X = np.vstack([x, np.ones(len(x))])

In [26]:

X.shape

Out[26]:

(2, 100)

In [27]:

y.shape

Out[27]:

(100,)

Let’s compute the linear least squares model using tf.matrix_solve_ls:

In [28]:

with tf.Session() as sess:
    X_tensor = tf.convert_to_tensor(X.T, dtype=tf.float64)
    y_tensor = tf.reshape(tf.convert_to_tensor(y, dtype=tf.float64), (-1, 1))
    coeffs = tf.matrix_solve_ls(X_tensor, y_tensor)
    m, b = sess.run(coeffs)

In [29]:

plt.plot(x[~mask], y[~mask], 'ok', markersize=3., alpha=.5)
plt.plot(x[mask], y[mask], 'o', markersize=3., color='red', alpha=.5, label='Outliers')
plt.plot(x, 10 * x + 10, 'k', label="True line")
plt.plot(x, m * x + b, 'g', label="Least squares line")
plt.legend()

Out[29]:

<matplotlib.legend.Legend at 0x12de64e80>

../_images/ipython_notebooks_getting-started_15_1.png

Now let’s use lad to compute the linear model with the least absolute deviations:

In [30]:

l1coeffs, cov = lad(X.T, y, yerr=np.std(y), cov=True)

In [31]:

sess = tf.Session()
m_l1, b_l1 = sess.run(l1coeffs)

And the estimated values are:

In [32]:

m_l1, b_l1

Out[32]:

(array([ 10.5233137]), array([ 13.6857041]))

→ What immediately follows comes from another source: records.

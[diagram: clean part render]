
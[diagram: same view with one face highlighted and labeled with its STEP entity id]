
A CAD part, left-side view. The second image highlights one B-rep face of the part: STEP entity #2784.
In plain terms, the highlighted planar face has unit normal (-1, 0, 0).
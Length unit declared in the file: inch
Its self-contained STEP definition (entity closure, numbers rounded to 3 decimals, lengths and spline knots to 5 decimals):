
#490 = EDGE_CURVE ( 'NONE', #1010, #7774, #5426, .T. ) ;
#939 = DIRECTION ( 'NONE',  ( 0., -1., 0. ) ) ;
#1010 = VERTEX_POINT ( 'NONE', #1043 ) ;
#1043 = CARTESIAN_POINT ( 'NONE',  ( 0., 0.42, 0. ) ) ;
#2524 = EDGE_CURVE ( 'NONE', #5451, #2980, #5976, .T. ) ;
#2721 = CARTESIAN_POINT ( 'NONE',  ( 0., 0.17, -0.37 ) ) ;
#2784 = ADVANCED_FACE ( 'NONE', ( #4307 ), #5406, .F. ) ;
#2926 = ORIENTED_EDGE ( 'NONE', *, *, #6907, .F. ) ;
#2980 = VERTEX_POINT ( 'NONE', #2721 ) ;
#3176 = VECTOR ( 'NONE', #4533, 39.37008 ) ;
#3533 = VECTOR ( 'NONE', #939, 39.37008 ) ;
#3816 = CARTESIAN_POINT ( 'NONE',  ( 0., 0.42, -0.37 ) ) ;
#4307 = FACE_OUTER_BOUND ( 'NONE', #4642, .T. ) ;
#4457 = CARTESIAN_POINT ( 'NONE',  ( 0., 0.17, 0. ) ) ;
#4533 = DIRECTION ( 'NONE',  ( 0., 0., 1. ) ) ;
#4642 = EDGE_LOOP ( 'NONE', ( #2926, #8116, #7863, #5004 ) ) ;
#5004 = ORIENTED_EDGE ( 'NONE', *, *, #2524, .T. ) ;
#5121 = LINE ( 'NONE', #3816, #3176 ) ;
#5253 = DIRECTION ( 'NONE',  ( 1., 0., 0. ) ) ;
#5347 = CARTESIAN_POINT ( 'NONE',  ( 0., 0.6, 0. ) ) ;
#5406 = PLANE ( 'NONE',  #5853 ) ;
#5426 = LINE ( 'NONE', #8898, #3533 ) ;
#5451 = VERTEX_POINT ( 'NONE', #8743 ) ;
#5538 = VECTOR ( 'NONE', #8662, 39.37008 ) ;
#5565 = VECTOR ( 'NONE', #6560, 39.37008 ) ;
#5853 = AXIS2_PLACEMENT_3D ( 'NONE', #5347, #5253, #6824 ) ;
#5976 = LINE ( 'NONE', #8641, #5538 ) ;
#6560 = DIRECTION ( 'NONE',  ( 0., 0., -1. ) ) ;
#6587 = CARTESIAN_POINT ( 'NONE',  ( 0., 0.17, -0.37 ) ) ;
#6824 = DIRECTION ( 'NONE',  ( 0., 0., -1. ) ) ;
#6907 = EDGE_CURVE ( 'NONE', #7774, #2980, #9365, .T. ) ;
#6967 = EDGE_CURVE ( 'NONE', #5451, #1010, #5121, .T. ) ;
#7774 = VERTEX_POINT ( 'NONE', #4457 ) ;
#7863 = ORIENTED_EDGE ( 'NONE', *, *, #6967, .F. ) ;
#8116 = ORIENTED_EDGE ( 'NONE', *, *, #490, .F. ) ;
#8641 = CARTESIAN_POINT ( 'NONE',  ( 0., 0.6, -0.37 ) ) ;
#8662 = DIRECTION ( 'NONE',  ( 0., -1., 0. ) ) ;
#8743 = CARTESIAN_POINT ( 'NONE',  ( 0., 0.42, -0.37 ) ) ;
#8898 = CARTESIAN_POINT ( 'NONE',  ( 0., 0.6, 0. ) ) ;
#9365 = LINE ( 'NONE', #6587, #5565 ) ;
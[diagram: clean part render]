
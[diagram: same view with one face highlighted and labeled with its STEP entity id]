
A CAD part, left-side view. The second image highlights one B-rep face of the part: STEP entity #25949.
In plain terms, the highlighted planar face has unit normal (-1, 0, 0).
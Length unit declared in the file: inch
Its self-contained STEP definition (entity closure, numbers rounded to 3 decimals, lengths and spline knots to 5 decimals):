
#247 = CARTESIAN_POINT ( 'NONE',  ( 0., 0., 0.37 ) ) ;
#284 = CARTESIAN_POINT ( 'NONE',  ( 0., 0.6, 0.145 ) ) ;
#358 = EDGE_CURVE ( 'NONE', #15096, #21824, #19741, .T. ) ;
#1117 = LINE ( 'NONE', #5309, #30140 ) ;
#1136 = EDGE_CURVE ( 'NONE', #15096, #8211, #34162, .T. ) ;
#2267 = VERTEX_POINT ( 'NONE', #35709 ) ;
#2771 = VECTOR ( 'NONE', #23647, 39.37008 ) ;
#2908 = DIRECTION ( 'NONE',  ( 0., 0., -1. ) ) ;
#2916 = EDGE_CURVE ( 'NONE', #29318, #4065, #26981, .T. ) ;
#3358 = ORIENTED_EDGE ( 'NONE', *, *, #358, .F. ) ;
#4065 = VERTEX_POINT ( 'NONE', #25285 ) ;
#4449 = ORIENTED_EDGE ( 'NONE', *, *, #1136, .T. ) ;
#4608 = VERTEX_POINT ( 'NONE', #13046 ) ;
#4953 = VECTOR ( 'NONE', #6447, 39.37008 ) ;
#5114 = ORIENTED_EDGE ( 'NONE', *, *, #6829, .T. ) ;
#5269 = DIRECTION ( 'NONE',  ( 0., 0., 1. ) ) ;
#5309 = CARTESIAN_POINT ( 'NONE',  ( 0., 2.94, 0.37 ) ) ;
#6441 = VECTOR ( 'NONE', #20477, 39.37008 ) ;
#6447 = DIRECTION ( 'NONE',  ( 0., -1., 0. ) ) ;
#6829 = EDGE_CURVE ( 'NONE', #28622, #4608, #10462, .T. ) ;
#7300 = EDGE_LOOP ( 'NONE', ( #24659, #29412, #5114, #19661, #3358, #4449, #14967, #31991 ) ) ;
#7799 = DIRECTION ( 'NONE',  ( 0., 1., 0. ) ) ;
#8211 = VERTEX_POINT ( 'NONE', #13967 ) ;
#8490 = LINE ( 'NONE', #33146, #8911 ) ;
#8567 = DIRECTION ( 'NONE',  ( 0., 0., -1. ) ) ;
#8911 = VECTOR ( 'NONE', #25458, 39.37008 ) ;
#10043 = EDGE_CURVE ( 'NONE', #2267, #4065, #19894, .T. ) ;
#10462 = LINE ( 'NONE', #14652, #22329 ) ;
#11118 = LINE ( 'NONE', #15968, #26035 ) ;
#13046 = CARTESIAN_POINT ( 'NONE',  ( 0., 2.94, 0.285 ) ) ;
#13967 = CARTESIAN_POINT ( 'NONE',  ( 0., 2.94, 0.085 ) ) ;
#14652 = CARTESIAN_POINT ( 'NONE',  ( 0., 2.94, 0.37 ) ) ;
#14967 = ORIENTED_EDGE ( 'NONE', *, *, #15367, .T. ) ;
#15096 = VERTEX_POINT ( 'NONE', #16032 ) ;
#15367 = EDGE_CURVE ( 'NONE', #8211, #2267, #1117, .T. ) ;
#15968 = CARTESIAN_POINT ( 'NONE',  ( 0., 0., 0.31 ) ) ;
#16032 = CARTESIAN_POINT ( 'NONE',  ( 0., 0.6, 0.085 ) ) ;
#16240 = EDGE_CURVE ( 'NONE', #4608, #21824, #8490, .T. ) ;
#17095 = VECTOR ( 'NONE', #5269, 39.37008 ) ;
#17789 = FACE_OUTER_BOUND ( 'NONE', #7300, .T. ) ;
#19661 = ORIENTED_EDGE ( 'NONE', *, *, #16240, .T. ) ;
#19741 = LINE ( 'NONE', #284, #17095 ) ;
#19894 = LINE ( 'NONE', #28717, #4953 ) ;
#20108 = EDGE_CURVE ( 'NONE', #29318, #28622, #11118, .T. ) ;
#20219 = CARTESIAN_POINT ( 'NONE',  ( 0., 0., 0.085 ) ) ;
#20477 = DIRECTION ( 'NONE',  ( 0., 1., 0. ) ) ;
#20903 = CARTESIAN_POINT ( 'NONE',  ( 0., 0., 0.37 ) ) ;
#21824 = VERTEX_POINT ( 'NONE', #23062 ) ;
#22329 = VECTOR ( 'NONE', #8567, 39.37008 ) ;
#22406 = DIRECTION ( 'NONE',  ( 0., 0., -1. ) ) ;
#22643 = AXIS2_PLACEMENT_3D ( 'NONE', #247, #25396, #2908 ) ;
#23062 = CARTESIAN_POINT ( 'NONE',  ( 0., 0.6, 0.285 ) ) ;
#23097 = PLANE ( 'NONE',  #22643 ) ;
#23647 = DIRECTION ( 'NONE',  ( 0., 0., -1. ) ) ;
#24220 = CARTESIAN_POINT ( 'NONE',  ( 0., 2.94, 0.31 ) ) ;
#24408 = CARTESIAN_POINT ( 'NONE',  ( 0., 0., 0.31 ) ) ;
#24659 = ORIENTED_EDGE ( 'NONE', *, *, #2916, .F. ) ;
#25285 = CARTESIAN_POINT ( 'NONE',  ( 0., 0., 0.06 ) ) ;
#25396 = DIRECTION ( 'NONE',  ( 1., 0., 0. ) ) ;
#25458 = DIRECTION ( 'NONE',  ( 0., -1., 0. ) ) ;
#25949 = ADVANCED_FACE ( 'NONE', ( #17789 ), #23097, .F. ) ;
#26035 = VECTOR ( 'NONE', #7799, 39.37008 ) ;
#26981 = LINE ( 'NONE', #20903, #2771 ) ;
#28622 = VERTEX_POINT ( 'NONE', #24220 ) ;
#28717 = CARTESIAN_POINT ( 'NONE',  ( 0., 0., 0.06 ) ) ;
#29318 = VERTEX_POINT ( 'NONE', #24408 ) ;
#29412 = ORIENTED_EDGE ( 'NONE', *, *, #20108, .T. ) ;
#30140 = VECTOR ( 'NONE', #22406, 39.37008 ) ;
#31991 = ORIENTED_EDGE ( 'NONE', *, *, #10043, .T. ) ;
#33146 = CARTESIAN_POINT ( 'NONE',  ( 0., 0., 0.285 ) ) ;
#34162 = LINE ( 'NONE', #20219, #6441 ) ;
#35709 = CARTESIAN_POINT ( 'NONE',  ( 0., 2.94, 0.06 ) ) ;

The uncertanties on the fitted coefficients are:

In [33]:

unc = np.sqrt(np.diag(sess.run(cov)))
unc

Out[33]:

array([ 0.42935153,  3.5996013 ])

In [34]:

plt.plot(x[~mask], y[~mask], 'ok', markersize=3., alpha=.5)
plt.plot(x[mask], y[mask], 'o', markersize=3., color='red', alpha=.5, label='Outliers')
plt.plot(x, 10 * x + 10, 'k', label="True line")
plt.plot(x, m * x + b, 'g', label="Least squares line")
plt.plot(x, m_l1 * x + b_l1, 'blue', label="Least absolute deviations line")
plt.fill_between(x, (m_l1 - 1.96 * unc[0]) * x + b_l1 - 1.96 * unc[1],
                    (m_l1 + 1.96 * unc[0]) * x + b_l1 + 1.96 * unc[1], alpha=.5)
plt.legend()

Out[34]:

<matplotlib.legend.Legend at 0x12f80def0>

../_images/ipython_notebooks_getting-started_23_1.png

The shaded region is the \(95\%\) confidence interval.